En la Iglesia Católica muy a menudo se habla de la Santísima Trinidad: Dios Padre, Dios Hijo y Dios Espíritu Santo. Los católicos practicantes, al asistir a la Eucaristía, hacen la invocación a estas tres divinas personas, y de manera muy especial hacen profesión de fe, de creer firmemente en la trinidad al rezar el Credo durante algún acto; escucharán en el momento de la consagración del pan y del vino las oraciones dirigidas a Dios Padre; el sacerdote actuando en Cristo y por Cristo y, en su momento, realizando la invocación al Espíritu Santo.
El Espíritu en la Iglesia
Y aunque se realiza esta profesión de fe, se tiene la impresión de que al momento de decir “Creo en el Espíritu Santo” hasta disminuye el tono de voz, porque es posible que al primero que con su gracia los despierta en la fe y los inicia en la vida nueva, es el “último” en comprenderle, en conocerle, en predicarle y en amarle.
El Antiguo Testamento proclama muy claramente al Padre, y más oscuramente al Hijo. El Nuevo Testamento revela al Hijo y hace entrever la divinidad del Espíritu. Ahora el Espíritu tiene derecho de ciudadanía entre los cristianos y les da una visión más clara de sí mismo. Esta visión y comprensión del gran misterio de conocer verdaderamente al “Espíritu de verdad” es transmitido en la Iglesia, es ella el lugar donde se tiene conocimiento del Espíritu Santo.

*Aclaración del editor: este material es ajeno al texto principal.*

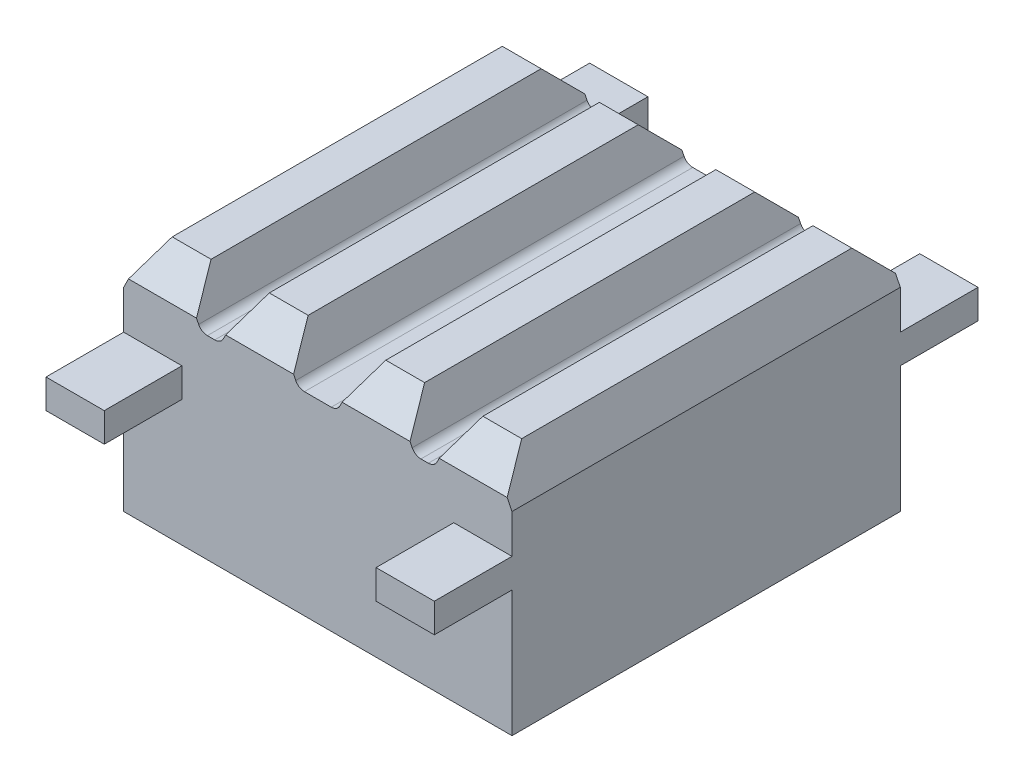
ISO-10303-21;
HEADER;
FILE_DESCRIPTION(('STEP AP214'),'2;1');
FILE_NAME('part.step','',(''),(''),'','','');
FILE_SCHEMA(('AUTOMOTIVE_DESIGN { 1 0 10303 214 1 1 1 1 }'));
ENDSEC;
DATA;
#1=APPLICATION_CONTEXT('core data for automotive mechanical design processes');
#2=APPLICATION_PROTOCOL_DEFINITION('international standard','automotive_design',2000,#1);
#3=PRODUCT_CONTEXT('',#1,'mechanical');
#4=PRODUCT('Part','Part','',(#3));
#5=PRODUCT_RELATED_PRODUCT_CATEGORY('part','',(#4));
#6=PRODUCT_DEFINITION_FORMATION('','',#4);
#7=PRODUCT_DEFINITION_CONTEXT('part definition',#1,'design');
#8=PRODUCT_DEFINITION('design','',#6,#7);
#9=PRODUCT_DEFINITION_SHAPE('','',#8);
#10=(LENGTH_UNIT() NAMED_UNIT(*) SI_UNIT(.MILLI.,.METRE.));
#11=(NAMED_UNIT(*) PLANE_ANGLE_UNIT() SI_UNIT($,.RADIAN.));
#12=(NAMED_UNIT(*) SI_UNIT($,.STERADIAN.) SOLID_ANGLE_UNIT());
#13=UNCERTAINTY_MEASURE_WITH_UNIT(LENGTH_MEASURE(1.E-05),#10,'distance_accuracy_value','');
#14=(GEOMETRIC_REPRESENTATION_CONTEXT(3) GLOBAL_UNCERTAINTY_ASSIGNED_CONTEXT((#13)) GLOBAL_UNIT_ASSIGNED_CONTEXT((#10,
#11,#12)) REPRESENTATION_CONTEXT('',''));
#15=CARTESIAN_POINT('',(0.,0.,0.));
#16=DIRECTION('',(0.,0.,1.));
#17=DIRECTION('',(1.,0.,0.));
#18=AXIS2_PLACEMENT_3D('',#15,#16,#17);
#19=CARTESIAN_POINT('',(0.,12.,0.));
#20=DIRECTION('',(0.,0.,1.));
#21=DIRECTION('',(1.,0.,0.));
#22=AXIS2_PLACEMENT_3D('',#19,#20,#21);
#23=PLANE('',#22);
#24=DIRECTION('',(1.,0.,0.));
#25=VECTOR('',#24,1.);
#26=CARTESIAN_POINT('',(0.,8.00000000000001,0.));
#27=LINE('',#26,#25);
#28=CARTESIAN_POINT('',(0.,8.00000000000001,0.));
#29=VERTEX_POINT('',#28);
#30=CARTESIAN_POINT('',(2.99999999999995,8.00000000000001,0.));
#31=VERTEX_POINT('',#30);
#32=EDGE_CURVE('E425',#29,#31,#27,.T.);
#33=ORIENTED_EDGE('',*,*,#32,.F.);
#34=DIRECTION('',(0.,-1.,0.));
#35=VECTOR('',#34,1.);
#36=CARTESIAN_POINT('',(0.,10.,0.));
#37=LINE('',#36,#35);
#38=CARTESIAN_POINT('',(0.,10.,0.));
#39=VERTEX_POINT('',#38);
#40=EDGE_CURVE('E407',#39,#29,#37,.T.);
#41=ORIENTED_EDGE('',*,*,#40,.F.);
#42=DIRECTION('',(0.447213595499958,0.894427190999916,0.));
#43=VECTOR('',#42,1.);
#44=CARTESIAN_POINT('',(0.,10.,0.));
#45=LINE('',#44,#43);
#46=CARTESIAN_POINT('',(0.249999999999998,10.5,0.));
#47=VERTEX_POINT('',#46);
#48=EDGE_CURVE('E588',#39,#47,#45,.T.);
#49=ORIENTED_EDGE('',*,*,#48,.T.);
#50=DIRECTION('',(1.,0.,0.));
#51=VECTOR('',#50,1.);
#52=CARTESIAN_POINT('',(3.00000000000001,10.5,0.));
#53=LINE('',#52,#51);
#54=CARTESIAN_POINT('',(3.75000000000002,10.5,0.));
#55=VERTEX_POINT('',#54);
#56=EDGE_CURVE('E711',#47,#55,#53,.T.);
#57=ORIENTED_EDGE('',*,*,#56,.T.);
#58=DIRECTION('',(0.447213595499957,-0.894427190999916,0.));
#59=VECTOR('',#58,1.);
#60=CARTESIAN_POINT('',(3.00000000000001,12.,0.));
#61=LINE('',#60,#59);
#62=CARTESIAN_POINT('',(3.861803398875,10.27639320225,0.));
#63=VERTEX_POINT('',#62);
#64=EDGE_CURVE('E585',#55,#63,#61,.T.);
#65=ORIENTED_EDGE('',*,*,#64,.T.);
#66=CARTESIAN_POINT('',(4.30901699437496,10.5,0.));
#67=DIRECTION('',(0.,0.,1.));
#68=DIRECTION('',(1.,0.,0.));
#69=AXIS2_PLACEMENT_3D('',#66,#67,#68);
#70=CIRCLE('',#69,0.5);
#71=CARTESIAN_POINT('',(4.30901699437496,10.,0.));
#72=VERTEX_POINT('',#71);
#73=EDGE_CURVE('E771',#63,#72,#70,.T.);
#74=ORIENTED_EDGE('',*,*,#73,.T.);
#75=DIRECTION('',(1.,0.,0.));
#76=VECTOR('',#75,1.);
#77=CARTESIAN_POINT('',(4.00000000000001,10.,0.));
#78=LINE('',#77,#76);
#79=CARTESIAN_POINT('',(4.69098300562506,10.,0.));
#80=VERTEX_POINT('',#79);
#81=EDGE_CURVE('E582',#72,#80,#78,.T.);
#82=ORIENTED_EDGE('',*,*,#81,.T.);
#83=CARTESIAN_POINT('',(4.69098300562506,10.5,0.));
#84=DIRECTION('',(0.,0.,1.));
#85=DIRECTION('',(1.,0.,0.));
#86=AXIS2_PLACEMENT_3D('',#83,#84,#85);
#87=CIRCLE('',#86,0.5);
#88=CARTESIAN_POINT('',(5.13819660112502,10.27639320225,0.));
#89=VERTEX_POINT('',#88);
#90=EDGE_CURVE('E775',#80,#89,#87,.T.);
#91=ORIENTED_EDGE('',*,*,#90,.T.);
#92=DIRECTION('',(0.447213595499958,0.894427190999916,0.));
#93=VECTOR('',#92,1.);
#94=CARTESIAN_POINT('',(5.00000000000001,10.,0.));
#95=LINE('',#94,#93);
#96=CARTESIAN_POINT('',(5.25,10.5,0.));
#97=VERTEX_POINT('',#96);
#98=EDGE_CURVE('E580',#89,#97,#95,.T.);
#99=ORIENTED_EDGE('',*,*,#98,.T.);
#100=DIRECTION('',(1.,0.,0.));
#101=VECTOR('',#100,1.);
#102=CARTESIAN_POINT('',(8.00000000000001,10.5,0.));
#103=LINE('',#102,#101);
#104=CARTESIAN_POINT('',(8.75000000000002,10.5,0.));
#105=VERTEX_POINT('',#104);
#106=EDGE_CURVE('E708',#97,#105,#103,.T.);
#107=ORIENTED_EDGE('',*,*,#106,.T.);
#108=DIRECTION('',(0.447213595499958,-0.894427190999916,0.));
#109=VECTOR('',#108,1.);
#110=CARTESIAN_POINT('',(8.00000000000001,12.,0.));
#111=LINE('',#110,#109);
#112=CARTESIAN_POINT('',(8.861803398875,10.27639320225,0.));
#113=VERTEX_POINT('',#112);
#114=EDGE_CURVE('E577',#105,#113,#111,.T.);
#115=ORIENTED_EDGE('',*,*,#114,.T.);
#116=CARTESIAN_POINT('',(9.30901699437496,10.5,0.));
#117=DIRECTION('',(0.,0.,1.));
#118=DIRECTION('',(1.,0.,0.));
#119=AXIS2_PLACEMENT_3D('',#116,#117,#118);
#120=CIRCLE('',#119,0.5);
#121=CARTESIAN_POINT('',(9.30901699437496,10.,0.));
#122=VERTEX_POINT('',#121);
#123=EDGE_CURVE('E779',#113,#122,#120,.T.);
#124=ORIENTED_EDGE('',*,*,#123,.T.);
#125=DIRECTION('',(-1.,0.,0.));
#126=VECTOR('',#125,1.);
#127=CARTESIAN_POINT('',(11.,10.,0.));
#128=LINE('',#127,#126);
#129=CARTESIAN_POINT('',(10.6909830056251,10.,0.));
#130=VERTEX_POINT('',#129);
#131=EDGE_CURVE('E574',#130,#122,#128,.T.);
#132=ORIENTED_EDGE('',*,*,#131,.F.);
#133=CARTESIAN_POINT('',(10.6909830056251,10.5,0.));
#134=DIRECTION('',(0.,0.,1.));
#135=DIRECTION('',(1.,0.,0.));
#136=AXIS2_PLACEMENT_3D('',#133,#134,#135);
#137=CIRCLE('',#136,0.5);
#138=CARTESIAN_POINT('',(11.138196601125,10.27639320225,0.));
#139=VERTEX_POINT('',#138);
#140=EDGE_CURVE('E783',#130,#139,#137,.T.);
#141=ORIENTED_EDGE('',*,*,#140,.T.);
#142=DIRECTION('',(-0.447213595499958,-0.894427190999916,0.));
#143=VECTOR('',#142,1.);
#144=CARTESIAN_POINT('',(12.,12.,0.));
#145=LINE('',#144,#143);
#146=CARTESIAN_POINT('',(11.25,10.5,0.));
#147=VERTEX_POINT('',#146);
#148=EDGE_CURVE('E571',#147,#139,#145,.T.);
#149=ORIENTED_EDGE('',*,*,#148,.F.);
#150=DIRECTION('',(1.,0.,0.));
#151=VECTOR('',#150,1.);
#152=CARTESIAN_POINT('',(0.,10.5,0.));
#153=LINE('',#152,#151);
#154=CARTESIAN_POINT('',(14.75,10.5,0.));
#155=VERTEX_POINT('',#154);
#156=EDGE_CURVE('E705',#147,#155,#153,.T.);
#157=ORIENTED_EDGE('',*,*,#156,.T.);
#158=DIRECTION('',(-0.447213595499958,0.894427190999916,0.));
#159=VECTOR('',#158,1.);
#160=CARTESIAN_POINT('',(15.,10.,0.));
#161=LINE('',#160,#159);
#162=CARTESIAN_POINT('',(14.861803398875,10.27639320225,0.));
#163=VERTEX_POINT('',#162);
#164=EDGE_CURVE('E569',#163,#155,#161,.T.);
#165=ORIENTED_EDGE('',*,*,#164,.F.);
#166=CARTESIAN_POINT('',(15.3090169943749,10.5,0.));
#167=DIRECTION('',(0.,0.,1.));
#168=DIRECTION('',(1.,0.,0.));
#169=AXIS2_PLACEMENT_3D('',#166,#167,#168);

Se puede preguntar, ¿dónde encontramos o vemos esa visión y acción del Paráclito? A lo que se puede responder: en las Escrituras que Él ha inspirado; en la Tradición, de la cual los Padres de la Iglesia son testigos siempre actuales; en el Magisterio de la Iglesia, al que Él asiste; en la liturgia sacramental a través de sus palabras y de sus símbolos, donde el Espíritu Santo pone a los creyentes en comunión con Cristo; en la oración, en la cual Él intercede; en los carismas y ministerios mediante los que se edifica la Iglesia, en los signos de vida apostólica y misionera, en el testimonio de los santos, donde manifiesta su santidad y continúa la obra de la salvación. Y más aún, en la actualidad, al término de las siete semanas pascuales; en la Iglesia se celebra la gran fiesta del Espíritu Santo, donde llega a su plenitud, donde se consuma la Pascua de Cristo: la fiesta de Pentecostés.
Es en esta fiesta donde el Espíritu Santo se manifiesta, se da, se comunica como Persona divina. En este día se revela plenamente la Santísima Trinidad.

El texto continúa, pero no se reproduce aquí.